▸ What is being asked
Go to the line containing "Power Plane: plane copper 0.036, net 3V3" in the records below and print it and every following line exactly, on through the line containing "BoardOutlineClearance [All] p1: gap=0.5", then stop.

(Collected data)
+---+

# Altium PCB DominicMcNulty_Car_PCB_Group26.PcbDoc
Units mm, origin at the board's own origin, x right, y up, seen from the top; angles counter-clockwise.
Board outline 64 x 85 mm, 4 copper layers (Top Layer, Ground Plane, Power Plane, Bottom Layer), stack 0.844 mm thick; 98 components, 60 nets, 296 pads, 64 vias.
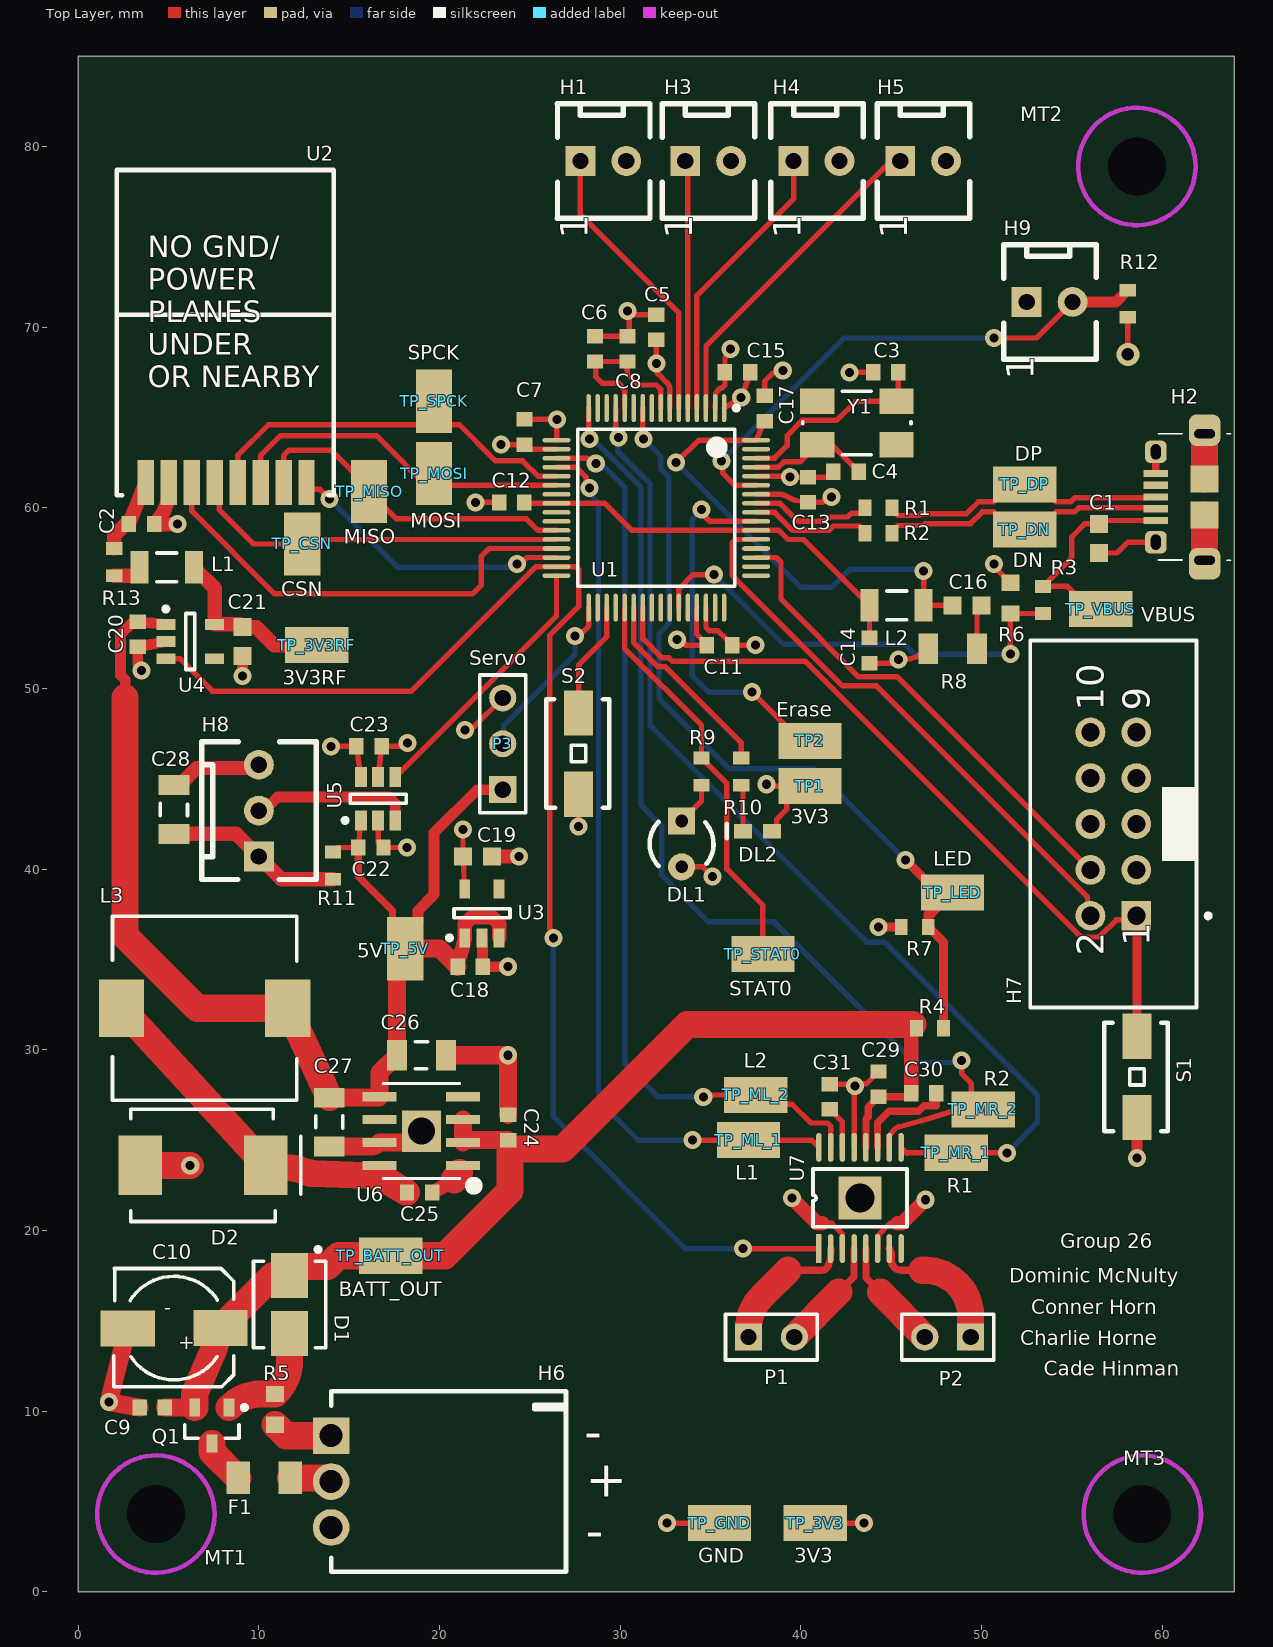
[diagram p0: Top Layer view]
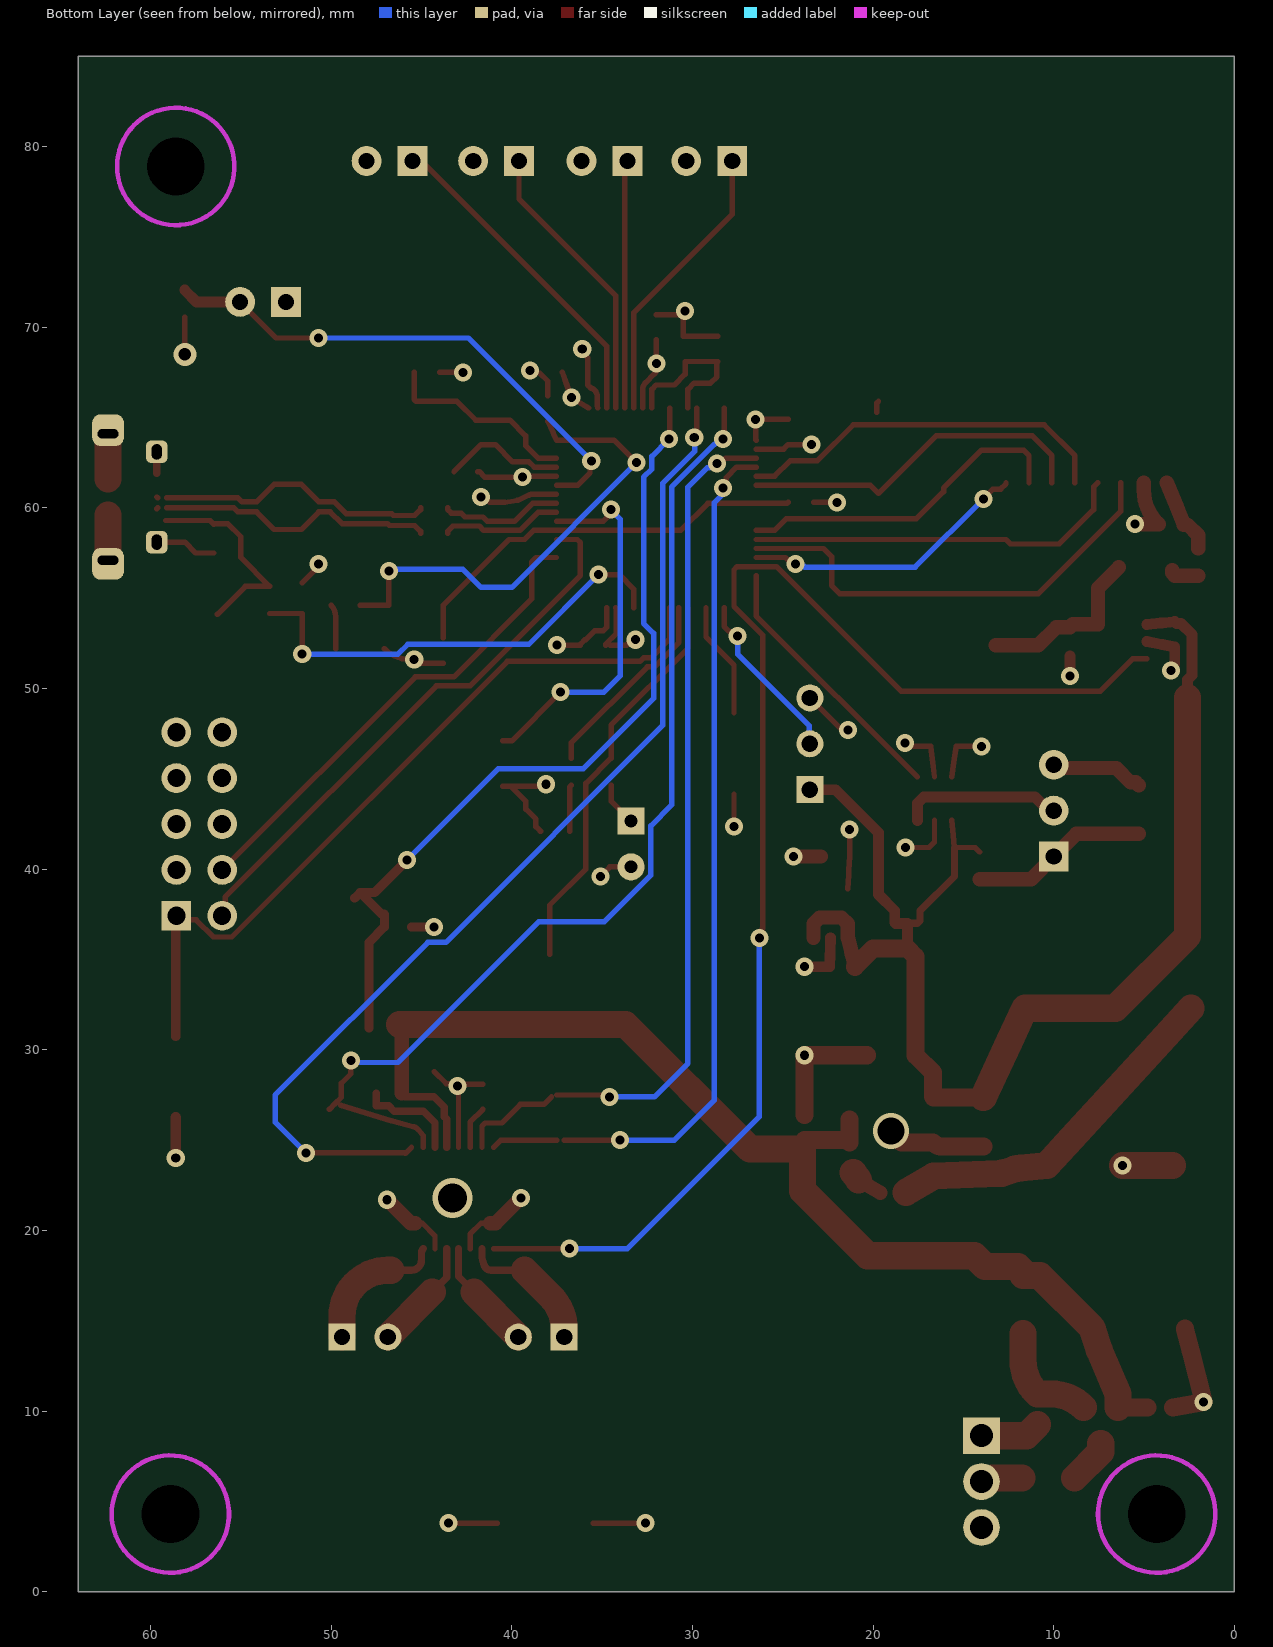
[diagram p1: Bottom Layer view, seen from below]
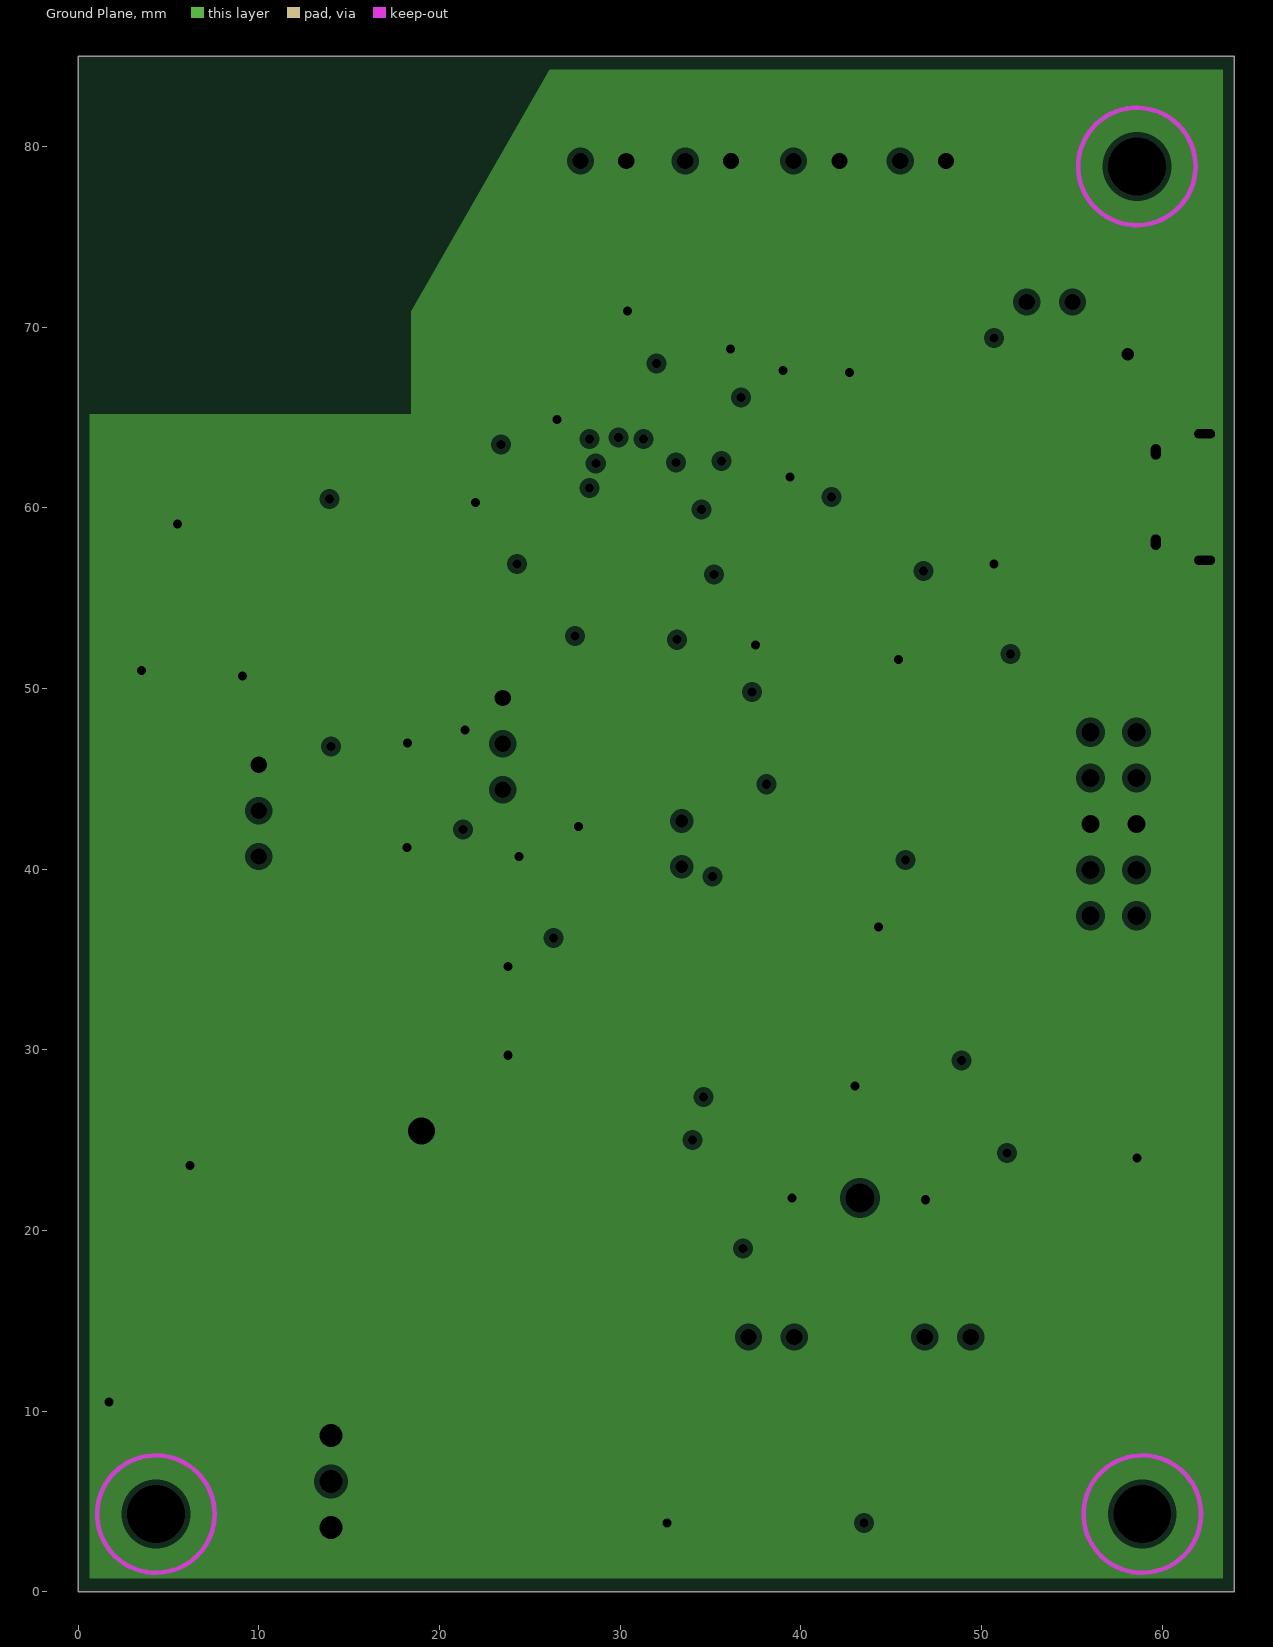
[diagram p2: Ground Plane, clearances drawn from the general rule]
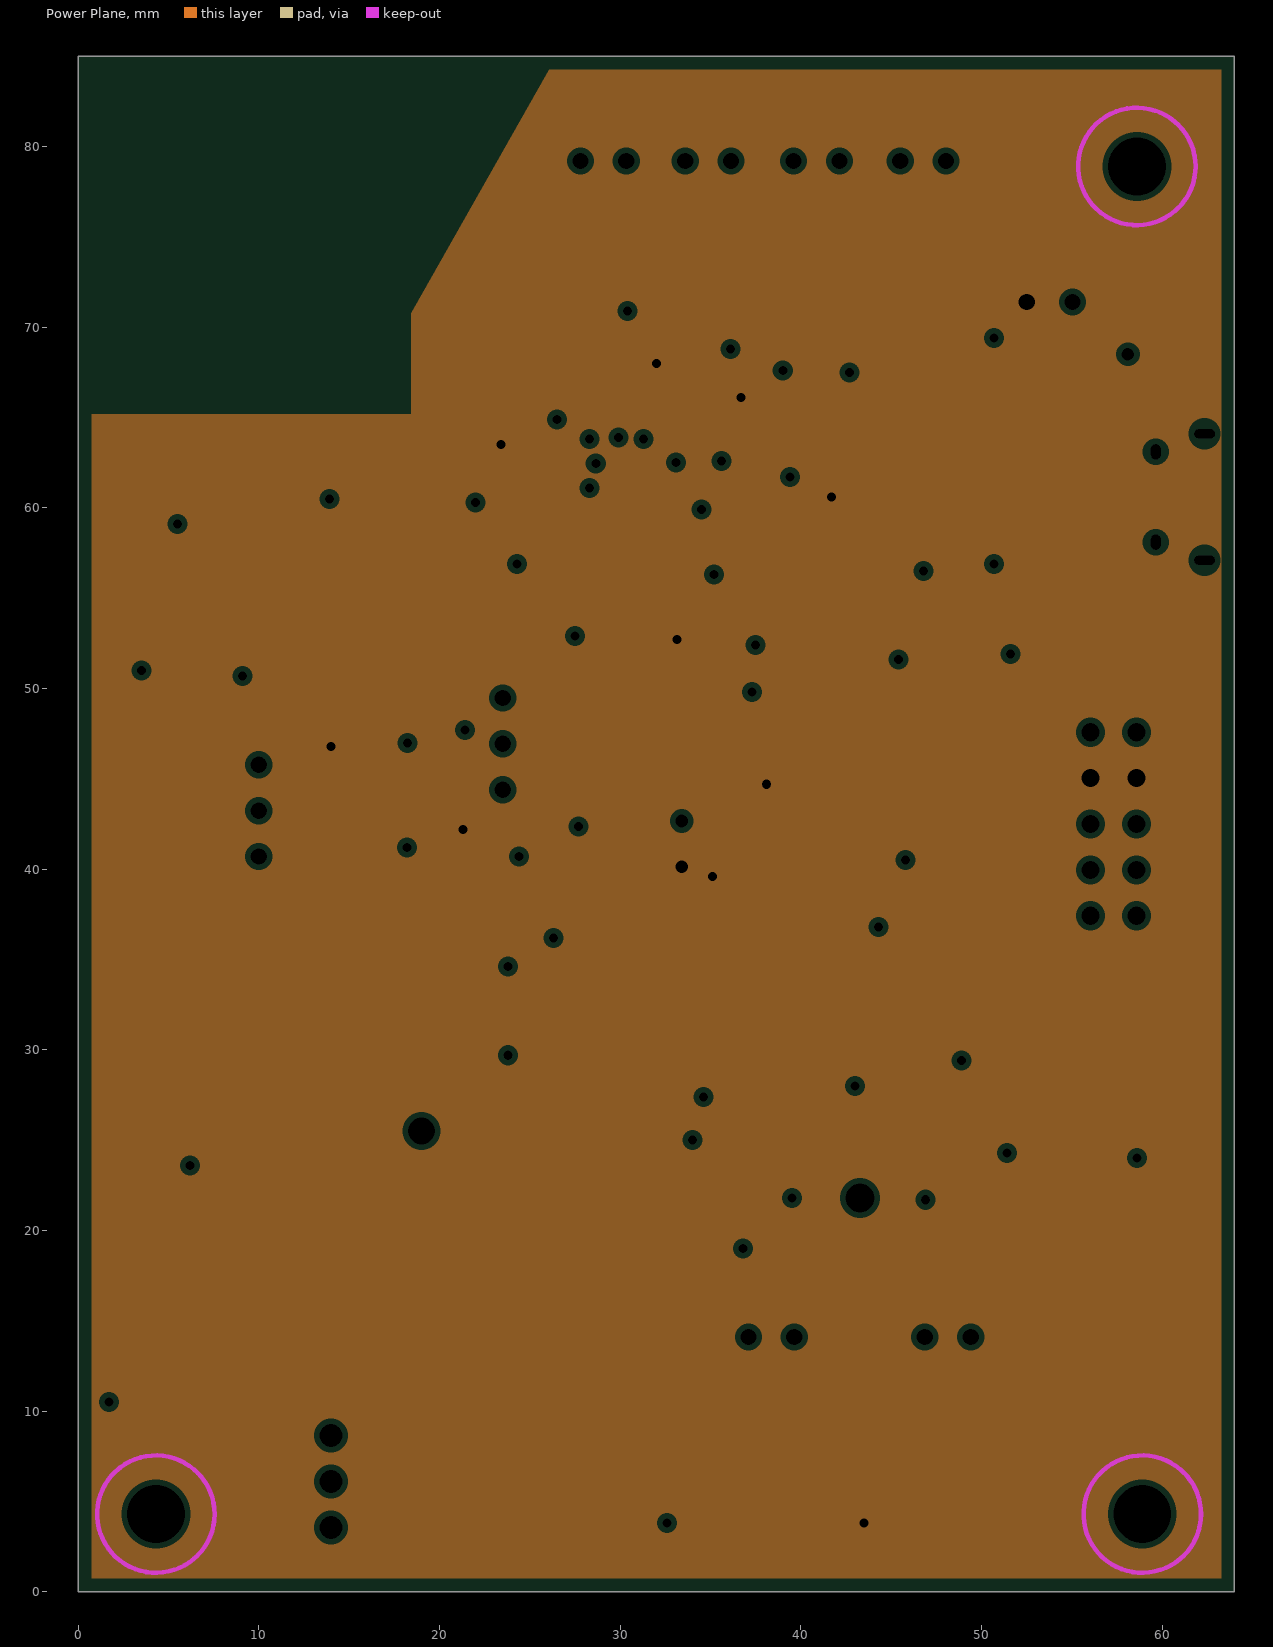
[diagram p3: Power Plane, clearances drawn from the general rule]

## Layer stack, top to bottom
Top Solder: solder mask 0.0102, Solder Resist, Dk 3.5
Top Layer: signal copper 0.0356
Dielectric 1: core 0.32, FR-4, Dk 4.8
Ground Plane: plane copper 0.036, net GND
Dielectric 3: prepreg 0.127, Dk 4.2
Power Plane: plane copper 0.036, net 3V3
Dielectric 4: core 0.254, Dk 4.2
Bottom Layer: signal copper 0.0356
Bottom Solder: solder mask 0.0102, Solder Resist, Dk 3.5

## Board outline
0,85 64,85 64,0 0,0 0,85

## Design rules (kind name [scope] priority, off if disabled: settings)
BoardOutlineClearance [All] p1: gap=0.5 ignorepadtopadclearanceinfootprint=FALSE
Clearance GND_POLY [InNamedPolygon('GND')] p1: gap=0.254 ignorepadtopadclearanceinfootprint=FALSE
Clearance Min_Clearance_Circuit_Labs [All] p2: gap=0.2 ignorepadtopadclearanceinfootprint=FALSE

+---+

▸ Written response
Power Plane: plane copper 0.036, net 3V3
Dielectric 4: core 0.254, Dk 4.2
Bottom Layer: signal copper 0.0356
Bottom Solder: solder mask 0.0102, Solder Resist, Dk 3.5

## Board outline
0,85 64,85 64,0 0,0 0,85

## Design rules (kind name [scope] priority, off if disabled: settings)
BoardOutlineClearance [All] p1: gap=0.5 ignorepadtopadclearanceinfootprint=FALSE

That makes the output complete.